(Stored entries)
####################

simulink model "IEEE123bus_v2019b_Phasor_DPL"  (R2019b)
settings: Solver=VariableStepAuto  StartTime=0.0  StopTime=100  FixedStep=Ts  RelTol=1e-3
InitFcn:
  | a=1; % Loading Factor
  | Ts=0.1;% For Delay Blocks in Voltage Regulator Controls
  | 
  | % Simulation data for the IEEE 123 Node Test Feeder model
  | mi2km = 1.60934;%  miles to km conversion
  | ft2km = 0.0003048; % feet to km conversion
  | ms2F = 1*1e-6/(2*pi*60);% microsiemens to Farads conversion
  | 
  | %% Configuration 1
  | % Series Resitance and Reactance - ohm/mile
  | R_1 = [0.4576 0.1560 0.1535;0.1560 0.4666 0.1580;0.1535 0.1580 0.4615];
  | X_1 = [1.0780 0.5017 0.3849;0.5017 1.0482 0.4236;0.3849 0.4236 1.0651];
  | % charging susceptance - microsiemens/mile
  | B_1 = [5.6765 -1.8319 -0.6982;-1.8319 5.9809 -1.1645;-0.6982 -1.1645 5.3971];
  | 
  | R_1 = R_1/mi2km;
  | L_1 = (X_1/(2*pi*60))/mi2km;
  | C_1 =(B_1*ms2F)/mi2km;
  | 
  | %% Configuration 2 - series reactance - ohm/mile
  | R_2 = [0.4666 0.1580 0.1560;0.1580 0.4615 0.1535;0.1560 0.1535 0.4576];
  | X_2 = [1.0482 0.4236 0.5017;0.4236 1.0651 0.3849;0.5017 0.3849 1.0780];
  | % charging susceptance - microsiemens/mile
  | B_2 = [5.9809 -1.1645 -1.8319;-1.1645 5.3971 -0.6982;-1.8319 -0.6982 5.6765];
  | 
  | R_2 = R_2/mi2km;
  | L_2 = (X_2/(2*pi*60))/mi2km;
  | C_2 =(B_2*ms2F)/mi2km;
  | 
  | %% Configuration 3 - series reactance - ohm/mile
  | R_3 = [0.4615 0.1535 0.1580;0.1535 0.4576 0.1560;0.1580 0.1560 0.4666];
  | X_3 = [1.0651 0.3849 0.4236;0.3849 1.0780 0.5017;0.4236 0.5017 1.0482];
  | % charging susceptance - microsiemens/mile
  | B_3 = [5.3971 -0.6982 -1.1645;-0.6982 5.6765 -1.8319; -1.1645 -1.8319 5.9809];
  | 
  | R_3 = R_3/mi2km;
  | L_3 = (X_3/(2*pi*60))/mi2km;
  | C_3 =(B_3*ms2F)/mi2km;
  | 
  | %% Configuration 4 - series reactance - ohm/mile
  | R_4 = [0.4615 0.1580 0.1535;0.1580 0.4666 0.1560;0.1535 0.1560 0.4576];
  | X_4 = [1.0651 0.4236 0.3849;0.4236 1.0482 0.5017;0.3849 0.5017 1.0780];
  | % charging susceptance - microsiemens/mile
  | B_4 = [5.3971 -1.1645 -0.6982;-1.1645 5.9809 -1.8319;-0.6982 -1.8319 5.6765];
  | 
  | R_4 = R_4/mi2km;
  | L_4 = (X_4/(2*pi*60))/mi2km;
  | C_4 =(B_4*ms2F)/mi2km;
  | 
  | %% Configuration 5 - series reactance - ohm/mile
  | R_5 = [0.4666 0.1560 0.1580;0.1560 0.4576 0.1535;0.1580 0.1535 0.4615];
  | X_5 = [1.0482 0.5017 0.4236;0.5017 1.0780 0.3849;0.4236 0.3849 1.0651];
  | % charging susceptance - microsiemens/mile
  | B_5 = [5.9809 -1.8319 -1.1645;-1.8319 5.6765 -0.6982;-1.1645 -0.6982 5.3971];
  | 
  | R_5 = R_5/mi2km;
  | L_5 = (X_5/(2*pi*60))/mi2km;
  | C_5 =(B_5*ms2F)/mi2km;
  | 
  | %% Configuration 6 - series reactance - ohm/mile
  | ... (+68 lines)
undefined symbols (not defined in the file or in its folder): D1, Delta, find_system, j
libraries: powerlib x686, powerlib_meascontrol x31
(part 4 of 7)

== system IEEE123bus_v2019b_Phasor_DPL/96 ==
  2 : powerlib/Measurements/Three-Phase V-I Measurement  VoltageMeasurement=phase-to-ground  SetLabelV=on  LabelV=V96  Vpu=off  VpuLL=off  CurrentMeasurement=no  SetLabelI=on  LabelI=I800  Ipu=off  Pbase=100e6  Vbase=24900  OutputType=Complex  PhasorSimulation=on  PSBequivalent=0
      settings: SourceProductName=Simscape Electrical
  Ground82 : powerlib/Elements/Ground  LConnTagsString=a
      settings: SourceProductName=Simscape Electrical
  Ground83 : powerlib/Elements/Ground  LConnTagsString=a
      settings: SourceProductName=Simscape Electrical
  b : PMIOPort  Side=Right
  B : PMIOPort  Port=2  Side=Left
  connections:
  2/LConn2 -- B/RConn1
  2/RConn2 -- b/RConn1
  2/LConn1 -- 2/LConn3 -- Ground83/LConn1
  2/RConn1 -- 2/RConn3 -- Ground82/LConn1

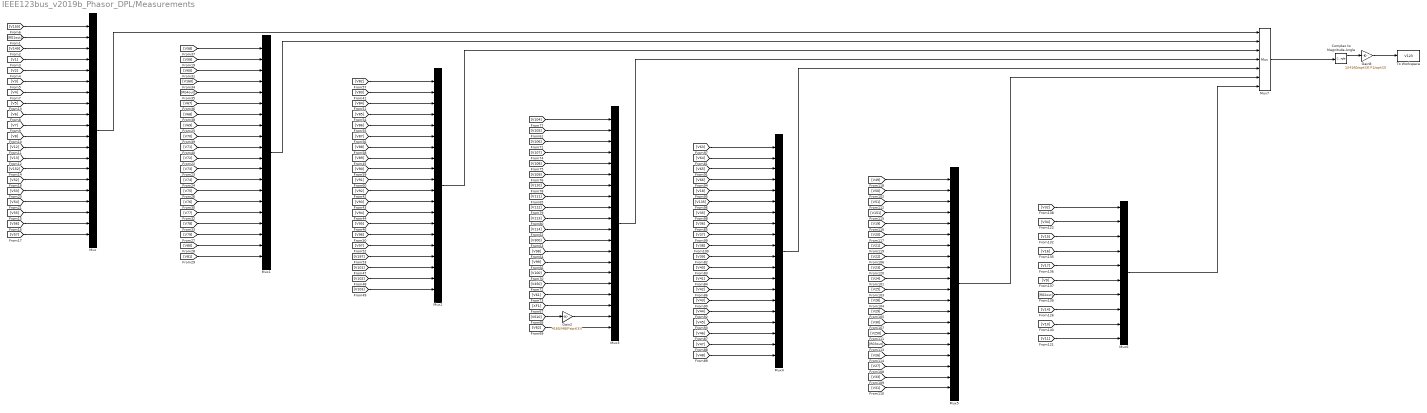
== system IEEE123bus_v2019b_Phasor_DPL/Measurements ==
  Complex to Magnitude-Angle : ComplexToMagnitudeAngle
  Gain2 : Gain  Gain=4160/(480*sqrt(3))
  Gain8 : Gain  Gain=1/(4160/sqrt(3))*1/sqrt(2)
  Mux{,1..5} (6 alike) : Mux  Inputs=20
  Mux6 : Mux  Inputs=10
  Mux7 : Mux  Inputs=7
  To Workspace : ToWorkspace  VariableName=V123  SampleTime=.1
  wires:
  Gain8/1 -> To Workspace/1
  [V150] -> Mux/1
  [RG1out] -> Mux/2
  [V149] -> Mux/3
  [V1] -> Mux/4
  [V2] -> Mux/5
  [V3] -> Mux/6
  [V4] -> Mux/7
  [V5] -> Mux/8
  [V6] -> Mux/9
  [V7] -> Mux/10
  [V8] -> Mux/11
  [V12] -> Mux/12
  [V13] -> Mux/13
  [V152] -> Mux/14
  [V52] -> Mux/15
  [V53] -> Mux/16
  [V54] -> Mux/17
  [V55] -> Mux/18
  [V56] -> Mux/19
  [V57] -> Mux/20
  [V58] -> Mux1/1
  [V59] -> Mux1/2
  [V60] -> Mux1/3
  [V160] -> Mux1/4
  [RG4out] -> Mux1/5
  [V67] -> Mux1/6
  [V68] -> Mux1/7
  [V69] -> Mux1/8
  [V70] -> Mux1/9
  [V71] -> Mux1/10
  [V72] -> Mux1/11
  [V73] -> Mux1/12
  [V74] -> Mux1/13
  [V75] -> Mux1/14
  [V76] -> Mux1/15
  [V77] -> Mux1/16
  [V78] -> Mux1/17
  [V79] -> Mux1/18
  [V80] -> Mux1/19
  [V81] -> Mux1/20
  [V82] -> Mux2/1
  [V83] -> Mux2/2
  [V84] -> Mux2/3
  [V85] -> Mux2/4
  [V86] -> Mux2/5
  [V87] -> Mux2/6
  [V88] -> Mux2/7
  [V89] -> Mux2/8
  [V90] -> Mux2/9
  [V91] -> Mux2/10
  [V92] -> Mux2/11
  [V93] -> Mux2/12
  [V94] -> Mux2/13
  [V95] -> Mux2/14
  [V96] -> Mux2/15
  [V97] -> Mux2/16
  [V197] -> Mux2/17
  [V101] -> Mux2/18
  [V102] -> Mux2/19
  [V103] -> Mux2/20
  [V104] -> Mux3/1
  [V105] -> Mux3/2
  [V106] -> Mux3/3
  [V107] -> Mux3/4
  [V108] -> Mux3/5
  [V109] -> Mux3/6
  [V110] -> Mux3/7
  [V111] -> Mux3/8
  [V112] -> Mux3/9
  [V113] -> Mux3/10
  [V114] -> Mux3/11
  [V300] -> Mux3/12
  [V98] -> Mux3/13
  [V99] -> Mux3/14
  [V100] -> Mux3/15
  [V450] -> Mux3/16
  [V61] -> Mux3/17
  [XF1] -> Mux3/18
  [V610] -> Gain2/1
  [V62] -> Mux3/20
  [V63] -> Mux4/1
  [V64] -> Mux4/2
  [V65] -> Mux4/3
  [V66] -> Mux4/4
  [V18] -> Mux4/5
  [V135] -> Mux4/6
  [V35] -> Mux4/7
  [V36] -> Mux4/8
  [V37] -> Mux4/9
  [V38] -> Mux4/10
  [V39] -> Mux4/11
  [V40] -> Mux4/12
  [V41] -> Mux4/13
  [V42] -> Mux4/14
  [V43] -> Mux4/15
  [V44] -> Mux4/16
  [V45] -> Mux4/17
  [V46] -> Mux4/18
  [V47] -> Mux4/19
  [V48] -> Mux4/20
  [V49] -> Mux5/1
  [V50] -> Mux5/2
  [V51] -> Mux5/3
  [V151] -> Mux5/4
  [V19] -> Mux5/5
  [V20] -> Mux5/6
  [V21] -> Mux5/7
  [V22] -> Mux5/8
  [V23] -> Mux5/9
  [V24] -> Mux5/10
  [V25] -> Mux5/11
  [V28] -> Mux5/12
  [V29] -> Mux5/13
  [V30] -> Mux5/14
  [V250] -> Mux5/15
  [RG3out] -> Mux5/16
  [V26] -> Mux5/17
  [V27] -> Mux5/18
  [V33] -> Mux5/19
  [V31] -> Mux5/20
  Mux1/1 -> Mux7/2
  Mux/1 -> Mux7/1
  Mux2/1 -> Mux7/3
  Mux3/1 -> Mux7/4
  Mux4/1 -> Mux7/5
  Mux5/1 -> Mux7/6
  Gain2/1 -> Mux3/19
  [V32] -> Mux6/1
  [V34] -> Mux6/2
  [V15] -> Mux6/3
  [V16] -> Mux6/4
  [V17] -> Mux6/5
  [V9] -> Mux6/6
  [RG2out] -> Mux6/7
  [V14] -> Mux6/8
  [V10] -> Mux6/9
  [V11] -> Mux6/10
  Mux6/1 -> Mux7/7
  Complex to Magnitude-Angle/1 -> Gain8/1
  Mux7/1 -> Complex to Magnitude-Angle/1

== system IEEE123bus_v2019b_Phasor_DPL/RG2in ==
  2 : powerlib/Measurements/Three-Phase V-I Measurement  VoltageMeasurement=phase-to-ground  SetLabelV=on  LabelV=RG2in  Vpu=off  VpuLL=off  CurrentMeasurement=no  SetLabelI=on  LabelI=I800  Ipu=off  Pbase=100e6  Vbase=24900  OutputType=Complex  PhasorSimulation=on  PSBequivalent=0
      settings: SourceProductName=Simscape Electrical
  Ground82 : powerlib/Elements/Ground  LConnTagsString=a
      settings: SourceProductName=Simscape Electrical
  Ground83 : powerlib/Elements/Ground  LConnTagsString=a
      settings: SourceProductName=Simscape Electrical
  a : PMIOPort  Side=Right
  A : PMIOPort  Port=2  Side=Left
  connections:
  A/RConn1 -- 2/LConn1
  a/RConn1 -- 2/RConn1
  2/LConn2 -- 2/LConn3 -- Ground83/LConn1
  2/RConn2 -- 2/RConn3 -- Ground82/LConn1

== system IEEE123bus_v2019b_Phasor_DPL/RG2out ==
  2 : powerlib/Measurements/Three-Phase V-I Measurement  VoltageMeasurement=phase-to-ground  SetLabelV=on  LabelV=RG2out  Vpu=off  VpuLL=off  CurrentMeasurement=no  SetLabelI=on  LabelI=I800  Ipu=off  Pbase=100e6  Vbase=24900  OutputType=Complex  PhasorSimulation=on  PSBequivalent=0
      settings: SourceProductName=Simscape Electrical
  Ground82 : powerlib/Elements/Ground  LConnTagsString=a
      settings: SourceProductName=Simscape Electrical
  Ground83 : powerlib/Elements/Ground  LConnTagsString=a
      settings: SourceProductName=Simscape Electrical
  a : PMIOPort  Side=Right
  A : PMIOPort  Port=2  Side=Left
  connections:
  Ground82/LConn1 -- 2/RConn3 -- 2/RConn2
  Ground83/LConn1 -- 2/LConn3 -- 2/LConn2
  a/RConn1 -- 2/RConn1
  A/RConn1 -- 2/LConn1

== system IEEE123bus_v2019b_Phasor_DPL/RG3in ==
  1 : powerlib/Measurements/Three-Phase V-I Measurement  VoltageMeasurement=phase-to-ground  SetLabelV=on  LabelV=RG3in  Vpu=off  VpuLL=off  CurrentMeasurement=yes  SetLabelI=on  LabelI=IRG3in  Ipu=off  Pbase=100e6  Vbase=24900  OutputType=Complex  PhasorSimulation=on  PSBequivalent=0
      settings: SourceProductName=Simscape Electrical
  Ground1 : powerlib/Elements/Ground  LConnTagsString=a
      settings: SourceProductName=Simscape Electrical
  Ground2 : powerlib/Elements/Ground  LConnTagsString=a
      settings: SourceProductName=Simscape Electrical
  A : PMIOPort  Side=Left
  a : PMIOPort  Port=2  Side=Right
  C : PMIOPort  Port=3  Side=Left
  c : PMIOPort  Port=4  Side=Right
  connections:
  A/RConn1 -- 1/LConn1
  a/RConn1 -- 1/RConn1
  C/RConn1 -- 1/LConn3
  1/RConn2 -- Ground1/LConn1
  c/RConn1 -- 1/RConn3
  1/LConn2 -- Ground2/LConn1

== system IEEE123bus_v2019b_Phasor_DPL/RG3out ==
  1 : powerlib/Measurements/Three-Phase V-I Measurement  VoltageMeasurement=phase-to-ground  SetLabelV=on  LabelV=RG3out  Vpu=off  VpuLL=off  CurrentMeasurement=no  SetLabelI=on  LabelI=I800  Ipu=off  Pbase=100e6  Vbase=24900  OutputType=Complex  PhasorSimulation=on  PSBequivalent=0
      settings: SourceProductName=Simscape Electrical
  Ground1 : powerlib/Elements/Ground  LConnTagsString=a
      settings: SourceProductName=Simscape Electrical
  Ground2 : powerlib/Elements/Ground  LConnTagsString=a
      settings: SourceProductName=Simscape Electrical
  A : PMIOPort  Side=Left
  a : PMIOPort  Port=2  Side=Right
  C : PMIOPort  Port=3  Side=Left
  c : PMIOPort  Port=4  Side=Right
  connections:
  1/LConn2 -- Ground2/LConn1
  c/RConn1 -- 1/RConn3
  1/RConn2 -- Ground1/LConn1
  C/RConn1 -- 1/LConn3
  a/RConn1 -- 1/RConn1
  A/RConn1 -- 1/LConn1

== system IEEE123bus_v2019b_Phasor_DPL/Regulator 1 Three Phase Ganged SVR ==
  note: Here the voltage of one phase is used to control taps of all phases
      | The phase A voltage is monitored and used to control taps of other phases
  Ganged Line Drop Compensator : Subsystem  mask{pNom=5e6/3, fNom=60, vNom=4160/sqrt(3), ptRatio=20, Comp=[3 7.5]}
      mask prompts: pNom "Nominal power (VA)"; fNom "Nominal frequency (Hz)"; vNom "Nominal voltage (Vrms)"; ptRatio "PT Ratio"; Comp "Compensator Settings [R (V) X(V)]"
      mask init:
      | Rc=Comp(1);
      | Xc=Comp(2);
  Mux : Mux  Inputs=3
  Single Phase SVR_A : Subsystem  LoadFcn=find_system(gcs,'FollowLinks', 'on', 'LookUnderMasks', 'all');  mask(Single-Phase OLTC){pNom=5e6/3, fNom=60, vNom=4160/sqrt(3), ctRatio=700, ptRatio=20, DeltaU=0.00625, TapMinMax=[-16 16], InitialTap=7, TapSelectionTime=8, RegulatorOn=on, Regulator=[120/120  2/120  2]}
      mask prompts: pNom "Nominal Power (VA)"; fNom "Nominal Frequency (Hz)"; vNom "Nominal Voltage (Vrms)"; ctRatio "Primary CT Rating (A)"; ptRatio "PT Ratio"; DeltaU "Voltage Step Per Tap (pu)"; TapMinMax "Minimum and Maximum Tap Positions"; InitialTap "Initial Tap Position"; TapSelectionTime "Tap Selection Time (s)"; RegulatorOn "Voltage Regulator"; Regulator "Voltage Regulator [ Vref(pu) DeadBand(pu)  Delay(s)]"
      mask help:
      | Models a single-phase On Load Tap Changer (OLTC). The single-phase primary of multi-tap winding is modeled with a Variable-Ratio Transformer block.
      |
      | The transformer voltage ratio U2/U1 (in pu) is given by:
      |                 U2/U1= 1/ (1+TapPosition*DeltaU)
      | Tap position 0 corresponds to nominal voltage ratio.
      |
      | When Voltage regulator is 'on',  voltage regulator asks for a tap change if:
      |                  abs(Vm-Vref)>DeadBand/2  during a time  t > Delay.
      |
      | where 'Vm' is voltage measured at regulating point and Vref is reference voltage.
      | With line drop compensation, Vm=Vsec-Isec(R+jX)
      mask init:
      | RegulatorVref=Regulator(1);
      | RegulatorDeadBand=Regulator(2);
      | RegulatorDelay=Regulator(3);
      mask TypeOptions RegulatorOn: off | on
      mask Callback RegulatorOn:
      | tempMaskVis=get_param(gcb,'MaskVisibilities');
      | if strcmp(get_param(gcb,'RegulatorOn'),'on')
      | 	tempMaskVis{11}='on';
      | 	set_param(gcb,'MaskVisibilities',tempMaskVis);
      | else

####################

→ **What is expected**: Which lines of the records above hold the word "Configuration"? Copy each of them.

→ **Answer space**:
  | %% Configuration 1
  | %% Configuration 2 - series reactance - ohm/mile
  | %% Configuration 3 - series reactance - ohm/mile
  | %% Configuration 4 - series reactance - ohm/mile
  | %% Configuration 5 - series reactance - ohm/mile
  | %% Configuration 6 - series reactance - ohm/mile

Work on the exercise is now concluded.